→ Work instruction
Among the lines below, return each one that contains the word "Continuous".

(Dataset entries)
+===+
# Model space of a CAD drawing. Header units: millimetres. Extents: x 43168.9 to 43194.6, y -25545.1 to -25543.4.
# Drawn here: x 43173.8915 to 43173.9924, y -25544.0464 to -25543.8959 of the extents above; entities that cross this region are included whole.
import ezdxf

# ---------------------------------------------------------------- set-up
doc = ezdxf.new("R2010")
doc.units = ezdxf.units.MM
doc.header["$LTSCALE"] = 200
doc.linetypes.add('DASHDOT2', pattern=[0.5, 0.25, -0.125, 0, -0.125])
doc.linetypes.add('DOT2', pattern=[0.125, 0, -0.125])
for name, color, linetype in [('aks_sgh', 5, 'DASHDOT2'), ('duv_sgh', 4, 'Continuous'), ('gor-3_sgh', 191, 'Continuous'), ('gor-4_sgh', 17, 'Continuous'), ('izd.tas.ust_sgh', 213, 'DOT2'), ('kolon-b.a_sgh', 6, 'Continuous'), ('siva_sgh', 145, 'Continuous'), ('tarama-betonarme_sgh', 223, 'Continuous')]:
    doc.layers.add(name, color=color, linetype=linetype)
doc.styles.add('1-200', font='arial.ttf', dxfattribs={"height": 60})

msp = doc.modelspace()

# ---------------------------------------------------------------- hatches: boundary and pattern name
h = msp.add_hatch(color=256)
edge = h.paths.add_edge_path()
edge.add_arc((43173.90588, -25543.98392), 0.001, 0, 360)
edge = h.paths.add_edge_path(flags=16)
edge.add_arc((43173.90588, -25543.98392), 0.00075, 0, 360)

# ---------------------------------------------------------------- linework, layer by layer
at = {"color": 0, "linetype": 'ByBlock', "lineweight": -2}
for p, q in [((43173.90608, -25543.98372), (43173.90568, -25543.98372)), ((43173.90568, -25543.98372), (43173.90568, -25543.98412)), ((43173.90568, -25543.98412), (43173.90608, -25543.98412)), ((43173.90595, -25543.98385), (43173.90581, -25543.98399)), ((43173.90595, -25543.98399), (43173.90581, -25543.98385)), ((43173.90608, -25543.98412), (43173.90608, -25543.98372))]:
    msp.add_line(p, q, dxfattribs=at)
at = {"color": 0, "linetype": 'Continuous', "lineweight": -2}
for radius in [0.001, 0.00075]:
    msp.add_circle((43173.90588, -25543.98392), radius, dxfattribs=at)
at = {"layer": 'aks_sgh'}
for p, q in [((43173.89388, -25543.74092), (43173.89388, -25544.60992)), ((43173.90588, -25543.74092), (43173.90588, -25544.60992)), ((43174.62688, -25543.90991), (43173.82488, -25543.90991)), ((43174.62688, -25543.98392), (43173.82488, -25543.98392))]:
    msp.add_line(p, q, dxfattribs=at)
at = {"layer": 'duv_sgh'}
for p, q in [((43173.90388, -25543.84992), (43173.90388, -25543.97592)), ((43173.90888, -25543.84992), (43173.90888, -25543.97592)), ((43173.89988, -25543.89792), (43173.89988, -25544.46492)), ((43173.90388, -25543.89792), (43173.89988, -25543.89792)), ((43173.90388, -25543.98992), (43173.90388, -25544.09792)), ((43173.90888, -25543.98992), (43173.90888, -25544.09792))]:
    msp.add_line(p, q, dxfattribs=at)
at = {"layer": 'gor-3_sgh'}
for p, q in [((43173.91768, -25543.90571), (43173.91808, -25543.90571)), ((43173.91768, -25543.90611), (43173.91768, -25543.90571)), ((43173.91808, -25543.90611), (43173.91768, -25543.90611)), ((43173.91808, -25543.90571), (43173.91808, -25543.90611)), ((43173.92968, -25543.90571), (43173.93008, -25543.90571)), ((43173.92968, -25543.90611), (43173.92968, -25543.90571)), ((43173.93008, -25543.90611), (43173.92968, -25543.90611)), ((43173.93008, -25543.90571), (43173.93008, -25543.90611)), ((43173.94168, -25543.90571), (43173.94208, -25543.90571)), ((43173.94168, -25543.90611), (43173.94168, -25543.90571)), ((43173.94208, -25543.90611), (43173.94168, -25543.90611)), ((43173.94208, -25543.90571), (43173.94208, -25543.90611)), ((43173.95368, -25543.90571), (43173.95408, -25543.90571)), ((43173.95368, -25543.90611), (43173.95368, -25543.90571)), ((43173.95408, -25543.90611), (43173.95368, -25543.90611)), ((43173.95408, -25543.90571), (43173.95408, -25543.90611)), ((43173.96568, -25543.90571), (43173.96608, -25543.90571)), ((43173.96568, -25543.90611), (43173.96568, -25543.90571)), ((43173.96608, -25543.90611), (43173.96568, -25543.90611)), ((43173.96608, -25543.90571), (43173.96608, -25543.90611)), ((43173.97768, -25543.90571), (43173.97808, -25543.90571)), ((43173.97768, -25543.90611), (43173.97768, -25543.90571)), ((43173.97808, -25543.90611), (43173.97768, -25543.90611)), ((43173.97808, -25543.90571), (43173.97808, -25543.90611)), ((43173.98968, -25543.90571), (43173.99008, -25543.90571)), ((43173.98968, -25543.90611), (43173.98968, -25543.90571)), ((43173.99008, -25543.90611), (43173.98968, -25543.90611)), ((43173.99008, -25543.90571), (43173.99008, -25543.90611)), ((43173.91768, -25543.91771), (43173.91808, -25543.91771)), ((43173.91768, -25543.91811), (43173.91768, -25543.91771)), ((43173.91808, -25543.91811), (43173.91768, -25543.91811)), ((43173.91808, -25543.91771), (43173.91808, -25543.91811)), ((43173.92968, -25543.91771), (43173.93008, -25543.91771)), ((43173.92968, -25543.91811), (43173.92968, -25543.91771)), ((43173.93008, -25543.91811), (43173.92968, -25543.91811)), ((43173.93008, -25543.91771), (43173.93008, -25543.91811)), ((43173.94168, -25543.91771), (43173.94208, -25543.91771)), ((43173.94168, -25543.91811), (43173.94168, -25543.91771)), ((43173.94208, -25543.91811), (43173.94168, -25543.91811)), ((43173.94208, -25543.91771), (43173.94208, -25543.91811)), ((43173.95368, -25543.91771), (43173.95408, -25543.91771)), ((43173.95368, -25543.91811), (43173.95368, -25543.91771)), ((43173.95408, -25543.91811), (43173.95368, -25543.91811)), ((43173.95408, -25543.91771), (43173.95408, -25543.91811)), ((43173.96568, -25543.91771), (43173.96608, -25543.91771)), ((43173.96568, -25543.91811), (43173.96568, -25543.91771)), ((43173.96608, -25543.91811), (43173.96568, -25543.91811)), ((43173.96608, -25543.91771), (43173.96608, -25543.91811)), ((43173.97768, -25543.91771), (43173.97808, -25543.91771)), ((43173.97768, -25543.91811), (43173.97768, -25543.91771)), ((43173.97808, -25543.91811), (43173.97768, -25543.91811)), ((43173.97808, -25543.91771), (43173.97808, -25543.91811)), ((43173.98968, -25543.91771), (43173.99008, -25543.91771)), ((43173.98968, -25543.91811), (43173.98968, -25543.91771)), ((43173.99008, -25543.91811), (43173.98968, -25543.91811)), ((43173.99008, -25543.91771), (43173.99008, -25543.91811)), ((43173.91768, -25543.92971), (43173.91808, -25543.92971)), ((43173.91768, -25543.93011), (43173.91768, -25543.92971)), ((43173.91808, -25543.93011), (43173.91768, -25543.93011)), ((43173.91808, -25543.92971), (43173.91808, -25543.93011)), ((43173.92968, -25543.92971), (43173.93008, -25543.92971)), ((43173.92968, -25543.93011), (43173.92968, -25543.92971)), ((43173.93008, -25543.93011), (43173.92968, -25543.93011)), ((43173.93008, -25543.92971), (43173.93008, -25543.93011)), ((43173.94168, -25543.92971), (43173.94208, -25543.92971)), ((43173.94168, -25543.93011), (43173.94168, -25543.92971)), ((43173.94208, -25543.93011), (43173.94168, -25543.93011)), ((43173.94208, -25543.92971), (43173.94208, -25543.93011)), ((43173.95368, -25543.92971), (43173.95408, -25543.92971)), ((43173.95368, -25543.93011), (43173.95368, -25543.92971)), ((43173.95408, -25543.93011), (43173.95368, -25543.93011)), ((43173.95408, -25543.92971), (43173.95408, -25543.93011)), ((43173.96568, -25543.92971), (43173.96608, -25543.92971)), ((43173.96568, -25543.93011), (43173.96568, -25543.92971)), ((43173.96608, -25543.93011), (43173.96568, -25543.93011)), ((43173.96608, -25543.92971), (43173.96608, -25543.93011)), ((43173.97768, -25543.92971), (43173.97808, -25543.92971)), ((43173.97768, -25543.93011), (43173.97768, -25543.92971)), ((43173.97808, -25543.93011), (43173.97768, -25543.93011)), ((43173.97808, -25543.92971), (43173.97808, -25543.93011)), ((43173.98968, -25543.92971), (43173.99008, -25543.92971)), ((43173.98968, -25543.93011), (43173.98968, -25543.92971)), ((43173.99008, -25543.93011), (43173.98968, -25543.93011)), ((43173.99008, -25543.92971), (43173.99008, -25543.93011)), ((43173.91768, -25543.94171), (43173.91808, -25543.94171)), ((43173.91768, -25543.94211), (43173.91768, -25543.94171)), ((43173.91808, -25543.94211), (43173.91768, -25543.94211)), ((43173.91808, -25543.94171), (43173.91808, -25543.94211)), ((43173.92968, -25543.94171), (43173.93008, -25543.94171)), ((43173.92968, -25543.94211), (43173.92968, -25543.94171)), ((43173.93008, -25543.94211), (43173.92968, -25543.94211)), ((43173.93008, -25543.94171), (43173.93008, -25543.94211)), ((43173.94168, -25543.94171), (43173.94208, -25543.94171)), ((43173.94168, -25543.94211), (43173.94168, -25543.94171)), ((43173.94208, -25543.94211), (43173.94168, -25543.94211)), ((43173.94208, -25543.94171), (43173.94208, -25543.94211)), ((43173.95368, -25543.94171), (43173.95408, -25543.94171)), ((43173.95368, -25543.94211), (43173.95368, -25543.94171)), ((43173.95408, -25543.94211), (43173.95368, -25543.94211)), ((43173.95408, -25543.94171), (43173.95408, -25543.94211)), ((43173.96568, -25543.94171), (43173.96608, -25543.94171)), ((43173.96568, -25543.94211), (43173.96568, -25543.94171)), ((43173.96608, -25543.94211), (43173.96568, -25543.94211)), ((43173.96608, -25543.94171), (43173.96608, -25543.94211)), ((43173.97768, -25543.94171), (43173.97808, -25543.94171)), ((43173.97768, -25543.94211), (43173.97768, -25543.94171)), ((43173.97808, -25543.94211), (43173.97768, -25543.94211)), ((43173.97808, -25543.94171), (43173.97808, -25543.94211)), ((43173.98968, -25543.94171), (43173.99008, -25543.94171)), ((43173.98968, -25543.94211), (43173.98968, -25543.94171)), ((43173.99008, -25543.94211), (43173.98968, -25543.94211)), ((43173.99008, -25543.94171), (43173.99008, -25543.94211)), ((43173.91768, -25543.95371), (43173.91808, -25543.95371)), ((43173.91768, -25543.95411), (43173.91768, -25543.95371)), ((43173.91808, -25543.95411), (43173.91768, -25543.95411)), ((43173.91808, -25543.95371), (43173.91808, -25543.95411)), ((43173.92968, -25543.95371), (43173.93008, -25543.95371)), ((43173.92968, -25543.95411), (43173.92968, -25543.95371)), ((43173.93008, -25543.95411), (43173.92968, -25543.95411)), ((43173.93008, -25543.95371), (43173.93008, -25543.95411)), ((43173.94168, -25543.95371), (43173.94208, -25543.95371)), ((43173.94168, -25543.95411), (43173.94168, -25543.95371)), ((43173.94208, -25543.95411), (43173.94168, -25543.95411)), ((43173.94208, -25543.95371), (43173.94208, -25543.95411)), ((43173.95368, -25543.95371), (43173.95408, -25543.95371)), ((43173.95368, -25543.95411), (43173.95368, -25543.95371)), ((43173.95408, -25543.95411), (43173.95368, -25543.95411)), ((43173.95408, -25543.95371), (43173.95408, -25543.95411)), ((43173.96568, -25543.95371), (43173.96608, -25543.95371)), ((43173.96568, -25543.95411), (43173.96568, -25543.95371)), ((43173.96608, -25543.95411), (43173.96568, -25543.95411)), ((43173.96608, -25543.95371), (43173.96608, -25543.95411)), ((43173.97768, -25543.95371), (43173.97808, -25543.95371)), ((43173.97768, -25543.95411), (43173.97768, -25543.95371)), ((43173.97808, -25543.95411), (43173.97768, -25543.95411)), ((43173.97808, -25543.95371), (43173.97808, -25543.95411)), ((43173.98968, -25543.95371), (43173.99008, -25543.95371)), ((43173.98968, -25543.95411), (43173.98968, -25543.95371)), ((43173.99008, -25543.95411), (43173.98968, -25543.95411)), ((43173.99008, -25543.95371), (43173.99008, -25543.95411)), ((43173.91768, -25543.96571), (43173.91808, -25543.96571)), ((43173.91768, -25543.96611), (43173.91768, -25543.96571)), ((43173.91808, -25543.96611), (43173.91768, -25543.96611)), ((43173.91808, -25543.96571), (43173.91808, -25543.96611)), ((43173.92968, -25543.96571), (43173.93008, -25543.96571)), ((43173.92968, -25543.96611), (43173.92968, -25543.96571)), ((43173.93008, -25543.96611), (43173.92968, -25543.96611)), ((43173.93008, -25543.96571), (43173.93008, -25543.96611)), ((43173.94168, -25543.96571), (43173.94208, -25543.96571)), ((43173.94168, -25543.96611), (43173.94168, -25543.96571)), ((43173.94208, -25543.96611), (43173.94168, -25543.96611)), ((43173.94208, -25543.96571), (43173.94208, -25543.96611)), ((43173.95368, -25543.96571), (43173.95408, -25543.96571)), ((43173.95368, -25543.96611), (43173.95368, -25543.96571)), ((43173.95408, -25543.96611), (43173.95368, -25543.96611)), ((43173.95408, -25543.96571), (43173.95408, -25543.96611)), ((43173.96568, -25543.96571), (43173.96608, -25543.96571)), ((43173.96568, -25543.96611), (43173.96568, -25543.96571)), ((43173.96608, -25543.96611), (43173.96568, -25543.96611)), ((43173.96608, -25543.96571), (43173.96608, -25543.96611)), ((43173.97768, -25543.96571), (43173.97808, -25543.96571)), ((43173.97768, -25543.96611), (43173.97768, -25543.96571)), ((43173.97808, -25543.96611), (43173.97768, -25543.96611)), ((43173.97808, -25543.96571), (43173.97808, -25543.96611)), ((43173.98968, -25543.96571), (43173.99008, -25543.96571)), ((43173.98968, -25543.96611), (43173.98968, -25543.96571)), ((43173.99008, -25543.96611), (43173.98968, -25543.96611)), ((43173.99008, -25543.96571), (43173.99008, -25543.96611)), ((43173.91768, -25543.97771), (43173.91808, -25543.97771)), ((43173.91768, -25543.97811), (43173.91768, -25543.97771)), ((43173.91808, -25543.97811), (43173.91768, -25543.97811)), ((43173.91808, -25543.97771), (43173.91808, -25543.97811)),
+===+
→ The completed task
for name, color, linetype in [('aks_sgh', 5, 'DASHDOT2'), ('duv_sgh', 4, 'Continuous'), ('gor-3_sgh', 191, 'Continuous'), ('gor-4_sgh', 17, 'Continuous'), ('izd.tas.ust_sgh', 213, 'DOT2'), ('kolon-b.a_sgh', 6, 'Continuous'), ('siva_sgh', 145, 'Continuous'), ('tarama-betonarme_sgh', 223, 'Continuous')]:
at = {"color": 0, "linetype": 'Continuous', "lineweight": -2}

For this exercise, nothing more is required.